As for me, I have an Android tablet and it is adequate but left in its sleeve most of the time, not worth the burden of even its small carry cost. I have put my name in the pot to purchase a Linux tablet (as distinct from Android) so that I have the potential of using a slab as something other than an ear friend (go look on Wikipedia if you don’t know that one.) The tablet is an over-sized hand axe and we should use it for something other than smashing our own foreheads.

While we’re bashing journalistic practice, one of my colleagues, Total Angular Momentum Magnetic Inductance, sent me a link to an article entitled “Watch the everyday Slinky ‘defy’ the laws of physics and gravity (but try not to go loopy)”. The article is about dropping a slinky and a video of its trajectory. It’s a neat video guaranteed to give bogs a headache. Sadly, the journalist who titled this evidently never finished first semester freshman physics. So the title is utter stercus.

To wax physics and physicist for a moment, what the luvvies at the Mail don’t seem to realize is that there are two pieces of motion to the falling slinky. First of all we have to recall that a slinky is nothing more than a relatively weak spring. So we have to go back to the seventeenth century to understand this, back when Newton and Young were around. The two pieces of motion are the motion of the center of mass – the center of the spring in terms of mass or weight, and the motion about the center of mass. If you watch the video with this in mind the whole defy-the-laws-of-physics thing evaporates like dew in the desert. And if we recall that the part of the slinky above the center of mass gets pulled down, by virtue of being a spring, while the part below the center of mass gets pulled up, then the entirety of the motion is evident and obvious.

Why can’t all journalists be as good as Matt?

Next, and a bit of a new azimuth, I got pointed to an article [Link] in Armed Forces Journal by an academic on how the folks who work for the military services, military, civilian, and contractor, are doing powerpoint briefings wrong. It’s a great article. It explains, based on human psychology how briefing information can be transferred and how not. It’s a three point recipe for better briefings.

And it’s largely irrelevant.

What the author misses is that he being an academic he is a member of a permissive organization. That means he can structure and give briefings as he wants subject only to effectiveness. The military services are directive organizations, and they have both formal and informal standards of how briefings are given. And these standards almost completely overwhelm any individual initiative.

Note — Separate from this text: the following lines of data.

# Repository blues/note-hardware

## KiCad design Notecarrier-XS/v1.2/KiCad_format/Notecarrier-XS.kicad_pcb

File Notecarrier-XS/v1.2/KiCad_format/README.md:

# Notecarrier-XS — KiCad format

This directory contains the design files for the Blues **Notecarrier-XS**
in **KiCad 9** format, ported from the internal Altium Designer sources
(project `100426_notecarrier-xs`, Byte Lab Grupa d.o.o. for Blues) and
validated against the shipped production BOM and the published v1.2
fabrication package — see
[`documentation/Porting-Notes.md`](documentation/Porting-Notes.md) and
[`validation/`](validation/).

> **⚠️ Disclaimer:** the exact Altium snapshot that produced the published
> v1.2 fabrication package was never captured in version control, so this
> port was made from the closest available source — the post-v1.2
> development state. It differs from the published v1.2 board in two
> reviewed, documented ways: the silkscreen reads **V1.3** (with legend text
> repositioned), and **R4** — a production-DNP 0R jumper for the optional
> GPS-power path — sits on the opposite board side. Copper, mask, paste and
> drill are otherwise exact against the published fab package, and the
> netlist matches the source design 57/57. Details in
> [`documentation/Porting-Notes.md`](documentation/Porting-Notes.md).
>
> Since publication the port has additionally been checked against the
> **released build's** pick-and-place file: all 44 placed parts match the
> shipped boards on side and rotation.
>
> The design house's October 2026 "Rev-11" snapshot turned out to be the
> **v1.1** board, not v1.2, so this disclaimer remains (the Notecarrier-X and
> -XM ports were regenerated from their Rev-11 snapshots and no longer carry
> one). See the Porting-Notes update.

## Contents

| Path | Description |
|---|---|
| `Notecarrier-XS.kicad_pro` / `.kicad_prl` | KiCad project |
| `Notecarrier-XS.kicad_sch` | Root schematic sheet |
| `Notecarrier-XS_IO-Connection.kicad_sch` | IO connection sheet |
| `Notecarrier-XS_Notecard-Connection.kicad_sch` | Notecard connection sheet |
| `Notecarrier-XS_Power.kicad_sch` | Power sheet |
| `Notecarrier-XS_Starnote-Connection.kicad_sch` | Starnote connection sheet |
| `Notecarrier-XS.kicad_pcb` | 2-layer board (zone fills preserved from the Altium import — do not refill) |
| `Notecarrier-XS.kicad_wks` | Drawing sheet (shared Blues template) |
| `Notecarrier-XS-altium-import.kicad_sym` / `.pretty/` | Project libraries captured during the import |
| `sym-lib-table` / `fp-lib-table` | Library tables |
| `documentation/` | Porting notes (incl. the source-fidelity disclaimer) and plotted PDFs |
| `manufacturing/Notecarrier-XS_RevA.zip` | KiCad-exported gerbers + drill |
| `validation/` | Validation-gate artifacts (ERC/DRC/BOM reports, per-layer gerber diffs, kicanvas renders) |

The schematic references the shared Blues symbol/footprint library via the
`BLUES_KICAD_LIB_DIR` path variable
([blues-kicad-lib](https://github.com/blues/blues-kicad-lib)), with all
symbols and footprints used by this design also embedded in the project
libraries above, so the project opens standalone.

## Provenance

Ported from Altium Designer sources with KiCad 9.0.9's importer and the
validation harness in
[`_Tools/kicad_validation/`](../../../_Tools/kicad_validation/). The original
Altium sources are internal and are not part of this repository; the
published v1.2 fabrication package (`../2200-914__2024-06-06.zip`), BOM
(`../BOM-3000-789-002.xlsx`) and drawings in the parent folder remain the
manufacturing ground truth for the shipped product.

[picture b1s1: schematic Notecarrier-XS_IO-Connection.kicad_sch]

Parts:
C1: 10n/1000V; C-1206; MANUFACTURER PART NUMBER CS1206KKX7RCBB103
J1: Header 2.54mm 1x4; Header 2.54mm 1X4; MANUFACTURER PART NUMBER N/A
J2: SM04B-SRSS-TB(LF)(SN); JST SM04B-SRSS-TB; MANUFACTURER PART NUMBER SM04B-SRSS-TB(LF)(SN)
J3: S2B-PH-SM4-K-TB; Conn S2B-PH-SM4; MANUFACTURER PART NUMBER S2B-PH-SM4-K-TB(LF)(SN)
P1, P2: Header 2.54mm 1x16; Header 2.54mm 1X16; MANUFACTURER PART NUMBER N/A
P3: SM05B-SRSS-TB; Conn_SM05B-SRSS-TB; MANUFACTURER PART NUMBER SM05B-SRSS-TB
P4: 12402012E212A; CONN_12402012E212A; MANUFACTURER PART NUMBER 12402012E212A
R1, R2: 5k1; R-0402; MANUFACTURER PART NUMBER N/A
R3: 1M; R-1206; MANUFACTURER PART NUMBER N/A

The author seems to be laboring under the illusion that the way military service folks structure and give briefings is a matter of society. It isn’t, except in small part. It’s almost entirely legal (as in rules) and cultural (survival). Every organization I dealt with when I worked for the Yankee army had strict rules on how briefings were structured and how slides looked. I recall one general officer I had to brief who insisted that baseball metaphors were to be used exclusively. If you got to slide three without baseball clip art or some similar similie, then that was the end of your briefing. Simply put, if you don’t follow the formal and informal standards of structure and composition, you are not just ineffective, you are negated.

Nice try. Good advice. Sound information. Totally irrelevant.

Now, lastly, we have this cartoon [Link]

that strikes me as being the beginning of a wonderful opportunity. I suspect that the number of times “I’m not telling you again” is said before punishment is applied is a pseudo-random variable. It’s pseudo-random, as opposed to random, because there are factors that can’t be measured. And because the little girl is slender, she’ll probably find this out and learn from it.